Eine Agrarpolitik der Chancen, Möglichkeiten und Perspektiven forderten kürzlich die Experten beim achten IGP Dialog zum Thema „Vom Green Deal zum Innovation Deal: Braucht es eine Agrarpolitik des Ermöglichens?“ Christian Stockmar, Obmann der IndustrieGruppe Pflanzenschutz (IGP), hob vor dem Hintergrund der Farm to Fork-Strategie den Nutzen von Innovation insbesondere zur Reduktion des Betriebsmitteleinsatzes hervor. Niederösterreichs LH-Stellvertreter Stephan Pernkopf bekannte sich zu einer landwirtschaftlichen Produktion in Europa und zum österreichischen Weg mit einem Betriebsmitteleinsatz mit Hausverstand. Anschließend forderten Norbert Lins (Vorsitzender des Agrarausschusses im Europäischen Parlament), Bauernbund-Präsident Georg Strasser und Henrik Tesch (Geschäftsführer des Forums Moderne Landwirtschaft) eine umfassende Folgenabschätzung zur Farm to Fork-Strategie, einen stärkeren Dialog zwischen Bauern und Konsumenten und mehr Aufklärung über die Notwendigkeit von Innovation in der Landwirtschaft.
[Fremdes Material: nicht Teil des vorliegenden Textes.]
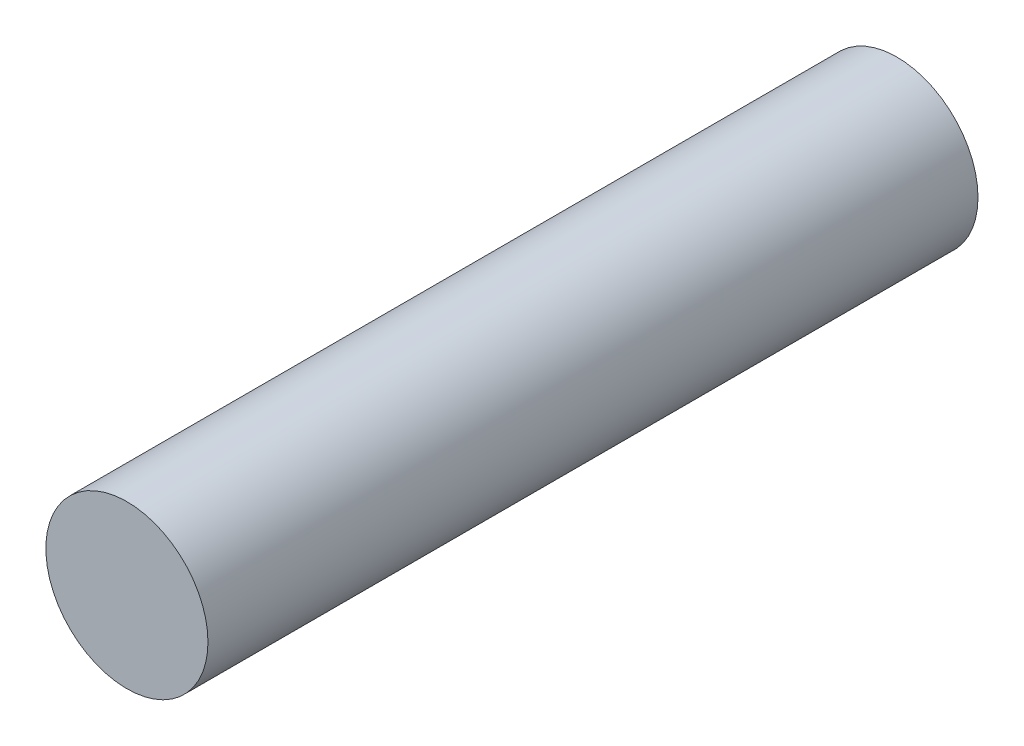
ISO-10303-21;
HEADER;
FILE_DESCRIPTION(('STEP AP214'),'2;1');
FILE_NAME('part.step','',(''),(''),'','','');
FILE_SCHEMA(('AUTOMOTIVE_DESIGN { 1 0 10303 214 1 1 1 1 }'));
ENDSEC;
DATA;
#1=APPLICATION_CONTEXT('core data for automotive mechanical design processes');
#2=APPLICATION_PROTOCOL_DEFINITION('international standard','automotive_design',2000,#1);
#3=PRODUCT_CONTEXT('',#1,'mechanical');
#4=PRODUCT('Part','Part','',(#3));
#5=PRODUCT_RELATED_PRODUCT_CATEGORY('part','',(#4));
#6=PRODUCT_DEFINITION_FORMATION('','',#4);
#7=PRODUCT_DEFINITION_CONTEXT('part definition',#1,'design');
#8=PRODUCT_DEFINITION('design','',#6,#7);
#9=PRODUCT_DEFINITION_SHAPE('','',#8);
#10=(LENGTH_UNIT() NAMED_UNIT(*) SI_UNIT(.MILLI.,.METRE.));
#11=(NAMED_UNIT(*) PLANE_ANGLE_UNIT() SI_UNIT($,.RADIAN.));
#12=(NAMED_UNIT(*) SI_UNIT($,.STERADIAN.) SOLID_ANGLE_UNIT());
#13=UNCERTAINTY_MEASURE_WITH_UNIT(LENGTH_MEASURE(1.E-05),#10,'distance_accuracy_value','');
#14=(GEOMETRIC_REPRESENTATION_CONTEXT(3) GLOBAL_UNCERTAINTY_ASSIGNED_CONTEXT((#13)) GLOBAL_UNIT_ASSIGNED_CONTEXT((#10,
#11,#12)) REPRESENTATION_CONTEXT('',''));
#15=CARTESIAN_POINT('',(0.,0.,0.));
#16=DIRECTION('',(0.,0.,1.));
#17=DIRECTION('',(1.,0.,0.));
#18=AXIS2_PLACEMENT_3D('',#15,#16,#17);
#19=CARTESIAN_POINT('',(0.,0.,19.));
#20=DIRECTION('',(0.,0.,-1.));
#21=DIRECTION('',(-1.,0.,0.));
#22=AXIS2_PLACEMENT_3D('',#19,#20,#21);
#23=CYLINDRICAL_SURFACE('',#22,2.);
#24=CARTESIAN_POINT('',(0.,0.,19.));
#25=DIRECTION('',(0.,0.,1.));
#26=DIRECTION('',(1.,0.,0.));
#27=AXIS2_PLACEMENT_3D('',#24,#25,#26);
#28=CIRCLE('',#27,2.);
#29=CARTESIAN_POINT('',(2.,0.,19.));
#30=VERTEX_POINT('',#29);
#31=EDGE_CURVE('E10',#30,#30,#28,.T.);
#32=ORIENTED_EDGE('',*,*,#31,.F.);
#33=EDGE_LOOP('',(#32));
#34=FACE_BOUND('',#33,.T.);
#35=CARTESIAN_POINT('',(0.,0.,0.));
#36=DIRECTION('',(0.,0.,1.));
#37=DIRECTION('',(1.,0.,0.));
#38=AXIS2_PLACEMENT_3D('',#35,#36,#37);
#39=CIRCLE('',#38,2.);
#40=CARTESIAN_POINT('',(2.,0.,0.));
#41=VERTEX_POINT('',#40);
#42=EDGE_CURVE('E40',#41,#41,#39,.T.);
#43=ORIENTED_EDGE('',*,*,#42,.T.);
#44=EDGE_LOOP('',(#43));
#45=FACE_BOUND('',#44,.T.);
#46=ADVANCED_FACE('F37',(#34,#45),#23,.T.);
#47=CARTESIAN_POINT('',(0.,0.,19.));
#48=DIRECTION('',(0.,0.,1.));
#49=DIRECTION('',(1.,0.,0.));
#50=AXIS2_PLACEMENT_3D('',#47,#48,#49);
#51=PLANE('',#50);
#52=ORIENTED_EDGE('',*,*,#31,.T.);
#53=EDGE_LOOP('',(#52));
#54=FACE_BOUND('',#53,.T.);
#55=ADVANCED_FACE('F52',(#54),#51,.T.);
#56=CARTESIAN_POINT('',(0.,0.,0.));
#57=DIRECTION('',(0.,0.,1.));
#58=DIRECTION('',(1.,0.,0.));
#59=AXIS2_PLACEMENT_3D('',#56,#57,#58);
#60=PLANE('',#59);
#61=ORIENTED_EDGE('',*,*,#42,.F.);
#62=EDGE_LOOP('',(#61));
#63=FACE_BOUND('',#62,.T.);
#64=ADVANCED_FACE('F50',(#63),#60,.F.);
#65=CLOSED_SHELL('',(#46,#55,#64));
#66=MANIFOLD_SOLID_BREP('B2',#65);
#67=ADVANCED_BREP_SHAPE_REPRESENTATION('',(#18,#66),#14);
#68=SHAPE_DEFINITION_REPRESENTATION(#9,#67);
ENDSEC;
END-ISO-10303-21;

Für eine zukunftsfitte Landwirtschaft

Landwirte setzen zahlreiche Maßnahmen, um einer Ausbreitung von Beikräutern, Krankheiten und Schädlingen vorzubeugen. Kommt es trotzdem zu einem Befall, sind sie aufgrund fehlender Wirkstoffe oft machtlos. Das belegen die Zahlen seit den 90er Jahren: Damals hatten die Landwirte ca. 1.000 Wirkstoffe zur Verfügung, heute sind es in Österreich nur mehr 273. Im selben Zeitraum sank der Selbstversorgungsgrad in Österreich bei Getreide von 121 auf 87, bei Gemüse von 73 auf 54 und bei Ölsaaten von 44 auf 28 Prozent. Stockmar: „Uns allen sollte klar sein: Das ist der falsche Weg. Daher sehen wir die Reduktionsziele in der Farm to Fork- und in der österreichischen Biodiversitätsstrategie kritisch und fordern eine wissenschaftsbasierte und unabhängige Folgenabschätzung.“

„Nur durch Innovation erreichen wir eine fortschrittliche Landwirtschaft, die die wachsenden Anforderungen erfüllen kann“, meinte Stockmar. Bei Pflanzenschutzmitteln konnten durch bessere Formulierungen und Wirkstoffe die ausgebrachten Wirkstoffmengen seit den 1950er Jahren um 95 Prozent reduziert werden. „Innovation ist also ein wesentlicher Beitrag zum Erreichen der Ziele in der Farm to Fork-Strategie. Die Hersteller von Pflanzenschutzmitteln investieren daher bis 2030 insgesamt zehn Milliarden Euro für die Forschung und Entwicklung von digitalen Lösungen und zusätzlich vier Milliarden in die Entwicklung von biologischen Pflanzenschutzmitteln. Damit entwickeln wir für alle Bewirtschaftungsformen Lösungen, um Pflanzen und den Boden gesund zu erhalten“, so Stockmar.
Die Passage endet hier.